Keep only the lines of the listing that include the word "LibrarySourceBlock", and copy them.

————————

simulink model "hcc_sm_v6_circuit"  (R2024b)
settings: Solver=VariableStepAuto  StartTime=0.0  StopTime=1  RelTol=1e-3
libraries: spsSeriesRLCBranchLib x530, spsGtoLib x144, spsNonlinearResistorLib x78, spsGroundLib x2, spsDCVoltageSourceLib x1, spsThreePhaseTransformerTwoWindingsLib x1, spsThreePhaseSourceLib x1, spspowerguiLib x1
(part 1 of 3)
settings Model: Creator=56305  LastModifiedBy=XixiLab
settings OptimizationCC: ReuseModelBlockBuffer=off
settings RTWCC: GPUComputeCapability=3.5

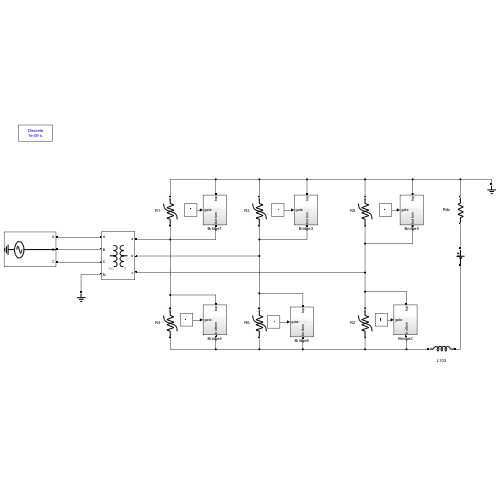
[thumbnail: Simulink's stored preview of the top-level diagram]
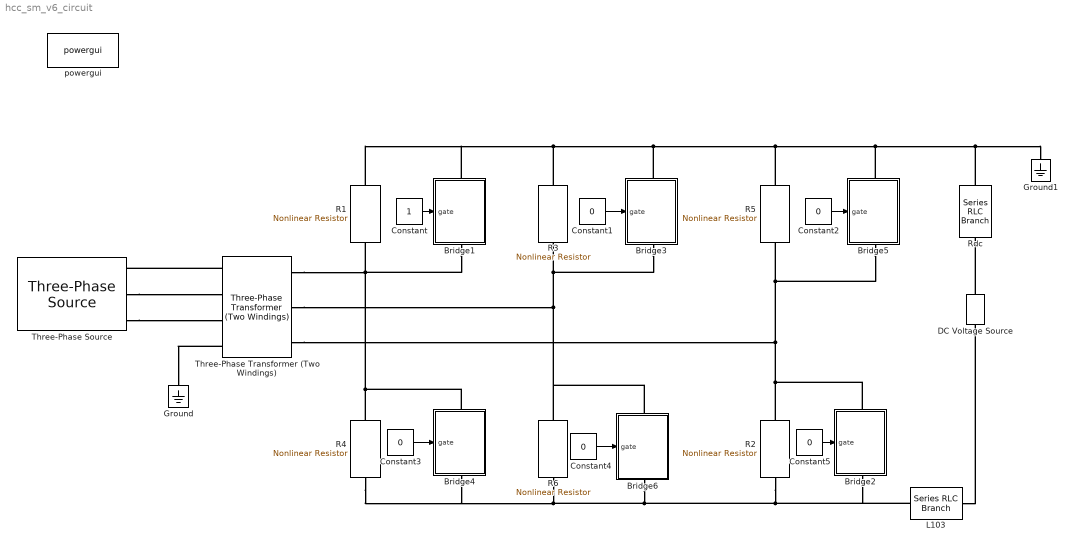
== system hcc_sm_v6_circuit ==
  Bridge1 : Subsystem
      settings: PortSchema="{\"entries\":[{\"content\":{\"sides\":[{\"content\":{\"connectorIds\":[\"In1\"]},\"type\":\"ConnectorPlacement.EquallySpacedRectSide\",\"uuid\":\"41aa3e2a-70f0-4b77-aa16-68e99ec54bcf\"},{\"content\":{\"side\":\"RIGHT\"},\"type\":\"ConnectorPlacement.EquallySpacedRectSide\",\"uuid\":\"96eb3ac2-20ab-4313-b955-709dae12ba5a\"},{\"content\":{\"connectorIds\":[\"LConn1\"],\"side\":\"TOP\"},\"type\":\"ConnectorPlacement.EquallySpacedRectSide\",\"uuid\":\"75cf1ed1-d1d6-43fb-a0f7-eae0627f950f\"},{\"content\":{\"connectorIds\":[\"RConn1\"],\"side\":\"BOTTOM\"},\"type\":\"ConnectorPlacement.EquallySpacedRectSide\",\"uuid\":\"e3d24c16-695e-4958-a9e5-c1041aebacaf\"}]},\"type\":\"ConnectorPlacement.EquallySpacedConnector\",\"uuid\":\"cea135f8-b684-4f22-bc6f-773380cf8880\"}],\"packageUris\":[\"http://schema.mathworks.com/mf0/Connector/R2020b\"],\"version\":\"1.0\"}"
  Bridge2 : Subsystem
      settings: PortSchema="{\"entries\":[{\"content\":{\"sides\":[{\"content\":{\"connectorIds\":[\"In1\"]},\"type\":\"ConnectorPlacement.EquallySpacedRectSide\",\"uuid\":\"41aa3e2a-70f0-4b77-aa16-68e99ec54bcf\"},{\"content\":{\"side\":\"RIGHT\"},\"type\":\"ConnectorPlacement.EquallySpacedRectSide\",\"uuid\":\"96eb3ac2-20ab-4313-b955-709dae12ba5a\"},{\"content\":{\"connectorIds\":[\"LConn1\"],\"side\":\"TOP\"},\"type\":\"ConnectorPlacement.EquallySpacedRectSide\",\"uuid\":\"75cf1ed1-d1d6-43fb-a0f7-eae0627f950f\"},{\"content\":{\"connectorIds\":[\"RConn1\"],\"side\":\"BOTTOM\"},\"type\":\"ConnectorPlacement.EquallySpacedRectSide\",\"uuid\":\"e3d24c16-695e-4958-a9e5-c1041aebacaf\"}]},\"type\":\"ConnectorPlacement.EquallySpacedConnector\",\"uuid\":\"cea135f8-b684-4f22-bc6f-773380cf8880\"}],\"packageUris\":[\"http://schema.mathworks.com/mf0/Connector/R2020b\"],\"version\":\"1.0\"}"
  Bridge3 : Subsystem
      settings: PortSchema="{\"entries\":[{\"content\":{\"sides\":[{\"content\":{\"connectorIds\":[\"In1\"]},\"type\":\"ConnectorPlacement.EquallySpacedRectSide\",\"uuid\":\"41aa3e2a-70f0-4b77-aa16-68e99ec54bcf\"},{\"content\":{\"side\":\"RIGHT\"},\"type\":\"ConnectorPlacement.EquallySpacedRectSide\",\"uuid\":\"96eb3ac2-20ab-4313-b955-709dae12ba5a\"},{\"content\":{\"connectorIds\":[\"LConn1\"],\"side\":\"TOP\"},\"type\":\"ConnectorPlacement.EquallySpacedRectSide\",\"uuid\":\"75cf1ed1-d1d6-43fb-a0f7-eae0627f950f\"},{\"content\":{\"connectorIds\":[\"RConn1\"],\"side\":\"BOTTOM\"},\"type\":\"ConnectorPlacement.EquallySpacedRectSide\",\"uuid\":\"e3d24c16-695e-4958-a9e5-c1041aebacaf\"}]},\"type\":\"ConnectorPlacement.EquallySpacedConnector\",\"uuid\":\"cea135f8-b684-4f22-bc6f-773380cf8880\"}],\"packageUris\":[\"http://schema.mathworks.com/mf0/Connector/R2020b\"],\"version\":\"1.0\"}"
  Bridge4 : Subsystem
      settings: PortSchema="{\"entries\":[{\"content\":{\"sides\":[{\"content\":{\"connectorIds\":[\"In1\"]},\"type\":\"ConnectorPlacement.EquallySpacedRectSide\",\"uuid\":\"41aa3e2a-70f0-4b77-aa16-68e99ec54bcf\"},{\"content\":{\"side\":\"RIGHT\"},\"type\":\"ConnectorPlacement.EquallySpacedRectSide\",\"uuid\":\"96eb3ac2-20ab-4313-b955-709dae12ba5a\"},{\"content\":{\"connectorIds\":[\"LConn1\"],\"side\":\"TOP\"},\"type\":\"ConnectorPlacement.EquallySpacedRectSide\",\"uuid\":\"75cf1ed1-d1d6-43fb-a0f7-eae0627f950f\"},{\"content\":{\"connectorIds\":[\"RConn1\"],\"side\":\"BOTTOM\"},\"type\":\"ConnectorPlacement.EquallySpacedRectSide\",\"uuid\":\"e3d24c16-695e-4958-a9e5-c1041aebacaf\"}]},\"type\":\"ConnectorPlacement.EquallySpacedConnector\",\"uuid\":\"cea135f8-b684-4f22-bc6f-773380cf8880\"}],\"packageUris\":[\"http://schema.mathworks.com/mf0/Connector/R2020b\"],\"version\":\"1.0\"}"
  Bridge5 : Subsystem
      settings: PortSchema="{\"entries\":[{\"content\":{\"sides\":[{\"content\":{\"connectorIds\":[\"In1\"]},\"type\":\"ConnectorPlacement.EquallySpacedRectSide\",\"uuid\":\"41aa3e2a-70f0-4b77-aa16-68e99ec54bcf\"},{\"content\":{\"side\":\"RIGHT\"},\"type\":\"ConnectorPlacement.EquallySpacedRectSide\",\"uuid\":\"96eb3ac2-20ab-4313-b955-709dae12ba5a\"},{\"content\":{\"connectorIds\":[\"LConn1\"],\"side\":\"TOP\"},\"type\":\"ConnectorPlacement.EquallySpacedRectSide\",\"uuid\":\"75cf1ed1-d1d6-43fb-a0f7-eae0627f950f\"},{\"content\":{\"connectorIds\":[\"RConn1\"],\"side\":\"BOTTOM\"},\"type\":\"ConnectorPlacement.EquallySpacedRectSide\",\"uuid\":\"e3d24c16-695e-4958-a9e5-c1041aebacaf\"}]},\"type\":\"ConnectorPlacement.EquallySpacedConnector\",\"uuid\":\"cea135f8-b684-4f22-bc6f-773380cf8880\"}],\"packageUris\":[\"http://schema.mathworks.com/mf0/Connector/R2020b\"],\"version\":\"1.0\"}"
  Bridge6 : Subsystem
      settings: PortSchema="{\"entries\":[{\"content\":{\"sides\":[{\"content\":{\"connectorIds\":[\"In1\"]},\"type\":\"ConnectorPlacement.EquallySpacedRectSide\",\"uuid\":\"41aa3e2a-70f0-4b77-aa16-68e99ec54bcf\"},{\"content\":{\"side\":\"RIGHT\"},\"type\":\"ConnectorPlacement.EquallySpacedRectSide\",\"uuid\":\"96eb3ac2-20ab-4313-b955-709dae12ba5a\"},{\"content\":{\"connectorIds\":[\"LConn1\"],\"side\":\"TOP\"},\"type\":\"ConnectorPlacement.EquallySpacedRectSide\",\"uuid\":\"75cf1ed1-d1d6-43fb-a0f7-eae0627f950f\"},{\"content\":{\"connectorIds\":[\"RConn1\"],\"side\":\"BOTTOM\"},\"type\":\"ConnectorPlacement.EquallySpacedRectSide\",\"uuid\":\"e3d24c16-695e-4958-a9e5-c1041aebacaf\"}]},\"type\":\"ConnectorPlacement.EquallySpacedConnector\",\"uuid\":\"cea135f8-b684-4f22-bc6f-773380cf8880\"}],\"packageUris\":[\"http://schema.mathworks.com/mf0/Connector/R2020b\"],\"version\":\"1.0\"}"
  Constant : Constant
  Constant{1..5} (5 alike) : Constant  Value=0
  DC Voltage Source : spsDCVoltageSourceLib/DC Voltage Source  Amplitude=5700  Measurements=None
  Ground : spsGroundLib/Ground  LConnTagsString=a
  Ground1 : spsGroundLib/Ground  LConnTagsString=a
  L103 : spsSeriesRLCBranchLib/Series RLC Branch  LConnTagsString=__new0  RConnTagsString=__new0  BranchType=L  Resistance=36  Inductance=120e-03  SetiL0=off  InitialCurrent=0  Capacitance=2.62e-06  Setx0=off  InitialVoltage=0  Measurements=None
  R{1..6} (6 alike) : spsNonlinearResistorLib/Nonlinear Resistor  SrcType=Current source  VI=[9800 0.001;11564 200;12299 1000;13259.4098 4000.01;13259.4196 4000.02;13259.4294 4000.03;13259.4392 4000.04;13259.449 4000.05;13259.4588 4000.06;13259.4686 4000.07;13259.4784 4000.08]
      settings: LibrarySourceBlock=sps_lib/Passives/Nonlinear Resistor
  Rdc : spsSeriesRLCBranchLib/Series RLC Branch  LConnTagsString=__new0  RConnTagsString=__new0  BranchType=R  Resistance=1  Inductance=120e-03  SetiL0=off  InitialCurrent=0  Capacitance=2.62e-06  Setx0=off  InitialVoltage=0  Measurements=None
  Three-Phase Transformer (Two Windings) : spsThreePhaseTransformerTwoWindingsLib/Three-Phase Transformer (Two Windings)  Winding1Connection=Yn  Winding2Connection=Y  CoreType=Three single-phase transformers  SetSaturation=off  Hysteresis=off  DataFile='hysteresis'  SetInitialFlux=off  Measurements=None  UNITS=pu  NominalPower=[ 215.4e6 , 50 ]  Winding1=[ 345e3 , 0.002 , 0.08 ]  Winding2=[ 50.8e3 , 0.002 , 0.08 ]  Rm=500  Lm=500  L0=0.5  Saturation=[ 0,0 ; 0.0024,1.2 ; 1.0,1.52 ]  InitialFluxes=[ 0.8 , -0.8 , 0.7 ]  BreakLoop=off  DiscreteSolver=Trapezoidal iterative  DataType=off  TransfoNumber=1
  Three-Phase Source : spsThreePhaseSourceLib/Three-Phase Source  InternalConnection=Yg  VoltagePhases=off  Voltage=345e3  PhaseAngle=0  Voltage_phases=[25e3 25e3 25e3]/sqrt(3)  PhaseAngles_phases=[0 -120 +120]  Frequency=50  NonIdealSource=off  SpecifyImpedance=off  Resistance=0  Inductance=0  ShortCircuitLevel=100e6  BaseVoltage=25e3  XRratio=7  BusType=swing  Pref=10e3  Qref=0  Prefabc=[10e3, 10e3, 10e3]  Qrefabc=[0, 0, 0]  Qmin=-inf  Qmax=inf
  powergui : spspowerguiLib/powergui  Priority=1  SimulationMode=Discrete  SampleTime=1e-9  frequency=60  Iterations=50  frequencyindice=0  Pbase=100e6  ErrMax=1e-4  UnitsV=kV  UnitsW=MW  buscounter=0  FunctionMessages=off  echomessages=off  EnableUseOfTLC=off  CurrentSourceSwitches=off  DisableSnubberDevices=off  DisableRonSwitches=off  DisableVfSwitches=off  DisplayEquations=off  AutomaticDiscreteSolvers=off  SolverType=Tustin/Backward Euler (TBE)  Interpol=off  ExternalGateDelay=off  methode=off  Ts=100  x0status=blocks  SPID=on  SwTol=0  HookPort=off  NonlinearTolerance=1e-4  nMaxIteration=100  ContinueOnMaxIteration=off  RestoreLinks=warning  ResistiveCurrentMeasurement=off  Frange=[0:2:500]  Ylog=off  Xlog=on  ShowGrid=off  save=off  variable=ZData  structure=0  ZoomFFT=off  StartTime=0.0  cycles=1  DisplayStyle=1  fundamental=60  FreqAxis=off  MaxFrequency=1000  frequencyindicesteady=1  RmsSteady=1  display=off
  wires:
  Constant/1 -> Bridge1/1(gate)
  Constant1/1 -> Bridge3/1(gate)
  Constant2/1 -> Bridge5/1(gate)
  Constant3/1 -> Bridge4/1(gate)
  Constant4/1 -> Bridge6/1(gate)
  Constant5/1 -> Bridge2/1(gate)
  connections:
  Three-Phase Transformer (Two Windings)/LConn1 -- Three-Phase Source/RConn1
  Three-Phase Source/RConn2 -- Three-Phase Transformer (Two Windings)/LConn2
  Three-Phase Source/RConn3 -- Three-Phase Transformer (Two Windings)/LConn3
  Three-Phase Transformer (Two Windings)/LConn4 -- Ground/LConn1
  R4/LConn1 -- Bridge4/LConn1 -- Bridge1/RConn1 -- R1/RConn1 -- Three-Phase Transformer (Two Windings)/RConn1
  Three-Phase Transformer (Two Windings)/RConn2 -- Bridge6/LConn1 -- R6/LConn1 -- Bridge3/RConn1 -- R3/RConn1
  R2/LConn1 -- Bridge2/LConn1 -- Three-Phase Transformer (Two Windings)/RConn3 -- Bridge5/RConn1 -- R5/RConn1
  R2/RConn1 -- Bridge2/RConn1 -- L103/LConn1 -- Bridge6/RConn1 -- Bridge4/RConn1 -- R4/RConn1 -- R6/RConn1
  DC Voltage Source/RConn1 -- Rdc/RConn1
  R3/LConn1 -- R1/LConn1 -- Bridge1/LConn1 -- Bridge3/LConn1 -- R5/LConn1 -- Bridge5/LConn1 -- Rdc/LConn1 -- Ground1/LConn1
  L103/RConn1 -- DC Voltage Source/LConn1

== system hcc_sm_v6_circuit/Bridge1 ==
  gate : Inport
  Segment1 : Subsystem
  Segment2 : Subsystem
  Segment3 : Subsystem
  Segment4 : Subsystem
  top : PMIOPort  Side=Left
  bottom : PMIOPort  Port=2  Side=Right
  wires:
  gate/1 -> Segment2/1(gate), Segment4/1(gate), Segment3/1(gate), Segment1/1(gate)
  connections:
  Segment2/LConn1 -- Segment1/RConn1
  Segment3/LConn1 -- Segment2/RConn1
  Segment4/LConn1 -- Segment3/RConn1
  top/RConn1 -- Segment1/LConn1
  Segment4/RConn1 -- bottom/RConn1

== system hcc_sm_v6_circuit/Bridge2 ==
  gate : Inport
  Segment1 : Subsystem
  Segment2 : Subsystem
  Segment3 : Subsystem
  Segment4 : Subsystem
  top : PMIOPort  Side=Left
  bottom : PMIOPort  Port=2  Side=Right
  wires:
  gate/1 -> Segment2/1(gate), Segment4/1(gate), Segment3/1(gate), Segment1/1(gate)
  connections:
  Segment2/LConn1 -- Segment1/RConn1
  Segment3/LConn1 -- Segment2/RConn1
  Segment4/LConn1 -- Segment3/RConn1
  top/RConn1 -- Segment1/LConn1
  Segment4/RConn1 -- bottom/RConn1

== system hcc_sm_v6_circuit/Bridge3 ==
  gate : Inport
  Segment1 : Subsystem
  Segment2 : Subsystem
  Segment3 : Subsystem
  Segment4 : Subsystem
  top : PMIOPort  Side=Left
  bottom : PMIOPort  Port=2  Side=Right
  wires:
  gate/1 -> Segment2/1(gate), Segment4/1(gate), Segment3/1(gate), Segment1/1(gate)
  connections:
  Segment2/LConn1 -- Segment1/RConn1
  Segment3/LConn1 -- Segment2/RConn1
  Segment4/LConn1 -- Segment3/RConn1
  top/RConn1 -- Segment1/LConn1
  Segment4/RConn1 -- bottom/RConn1

== system hcc_sm_v6_circuit/Bridge4 ==
  gate : Inport
  Segment1 : Subsystem
  Segment2 : Subsystem
  Segment3 : Subsystem
  Segment4 : Subsystem
  top : PMIOPort  Side=Left
  bottom : PMIOPort  Port=2  Side=Right
  wires:
  gate/1 -> Segment2/1(gate), Segment4/1(gate), Segment3/1(gate), Segment1/1(gate)
  connections:
  Segment2/LConn1 -- Segment1/RConn1
  Segment3/LConn1 -- Segment2/RConn1
  Segment4/LConn1 -- Segment3/RConn1
  top/RConn1 -- Segment1/LConn1
  Segment4/RConn1 -- bottom/RConn1

== system hcc_sm_v6_circuit/Bridge5 ==
  gate : Inport
  Segment1 : Subsystem
  Segment2 : Subsystem
  Segment3 : Subsystem
  Segment4 : Subsystem
  top : PMIOPort  Side=Left
  bottom : PMIOPort  Port=2  Side=Right
  wires:
  gate/1 -> Segment2/1(gate), Segment4/1(gate), Segment3/1(gate), Segment1/1(gate)
  connections:
  Segment2/LConn1 -- Segment1/RConn1
  Segment3/LConn1 -- Segment2/RConn1
  Segment4/LConn1 -- Segment3/RConn1
  top/RConn1 -- Segment1/LConn1
  Segment4/RConn1 -- bottom/RConn1

== system hcc_sm_v6_circuit/Bridge6 ==
  gate : Inport
  Segment1 : Subsystem
  Segment2 : Subsystem
  Segment3 : Subsystem
  Segment4 : Subsystem
  top : PMIOPort  Side=Left
  bottom : PMIOPort  Port=2  Side=Right
  wires:
  gate/1 -> Segment2/1(gate), Segment4/1(gate), Segment3/1(gate), Segment1/1(gate)
  connections:
  Segment2/LConn1 -- Segment1/RConn1
  Segment3/LConn1 -- Segment2/RConn1
  Segment4/LConn1 -- Segment3/RConn1
  top/RConn1 -- Segment1/LConn1
  Segment4/RConn1 -- bottom/RConn1

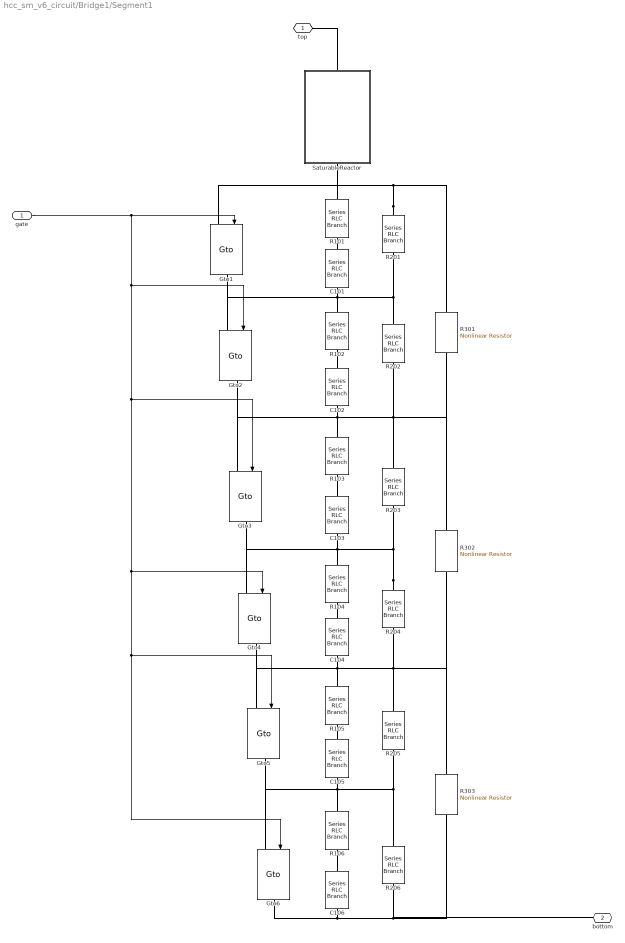
== system hcc_sm_v6_circuit/Bridge1/Segment1 ==
  gate : Inport
  C{101..106} (6 alike) : spsSeriesRLCBranchLib/Series RLC Branch  LConnTagsString=__new0  RConnTagsString=__new0  BranchType=C  Resistance=350  Inductance=107.42e-03  SetiL0=off  InitialCurrent=0  Capacitance=2.2*1e-6  Setx0=off  InitialVoltage=0  Measurements=None
  Gto{1..6} (6 alike) : spsGtoLib/Gto  Ron=0.226e-6  Lon=0  Vf=1.2  Tf=10e-6  Tt=20e-6  IC=0  Rs=161.25e3  Cs=0  Measurements=off
      settings: LibrarySourceBlock=sps_lib/Power Electronics/Gto
  R{101..106} (6 alike) : spsSeriesRLCBranchLib/Series RLC Branch  LConnTagsString=__new0  RConnTagsString=__new0  BranchType=R  Resistance=36  Inductance=107.42e-03  SetiL0=off  InitialCurrent=0  Capacitance=2.62e-06  Setx0=off  InitialVoltage=0  Measurements=None
  R{201..206} (6 alike) : spsSeriesRLCBranchLib/Series RLC Branch  LConnTagsString=__new0  RConnTagsString=__new0  BranchType=R  Resistance=88  Inductance=107.42e-03  SetiL0=off  InitialCurrent=0  Capacitance=2.62e-06  Setx0=off  InitialVoltage=0  Measurements=None
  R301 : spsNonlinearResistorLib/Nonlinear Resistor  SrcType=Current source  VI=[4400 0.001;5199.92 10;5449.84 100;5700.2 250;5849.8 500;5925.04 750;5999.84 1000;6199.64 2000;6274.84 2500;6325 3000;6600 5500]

————————

Solution to this task:
      settings: LibrarySourceBlock=sps_lib/Passives/Nonlinear Resistor
      settings: LibrarySourceBlock=sps_lib/Power Electronics/Gto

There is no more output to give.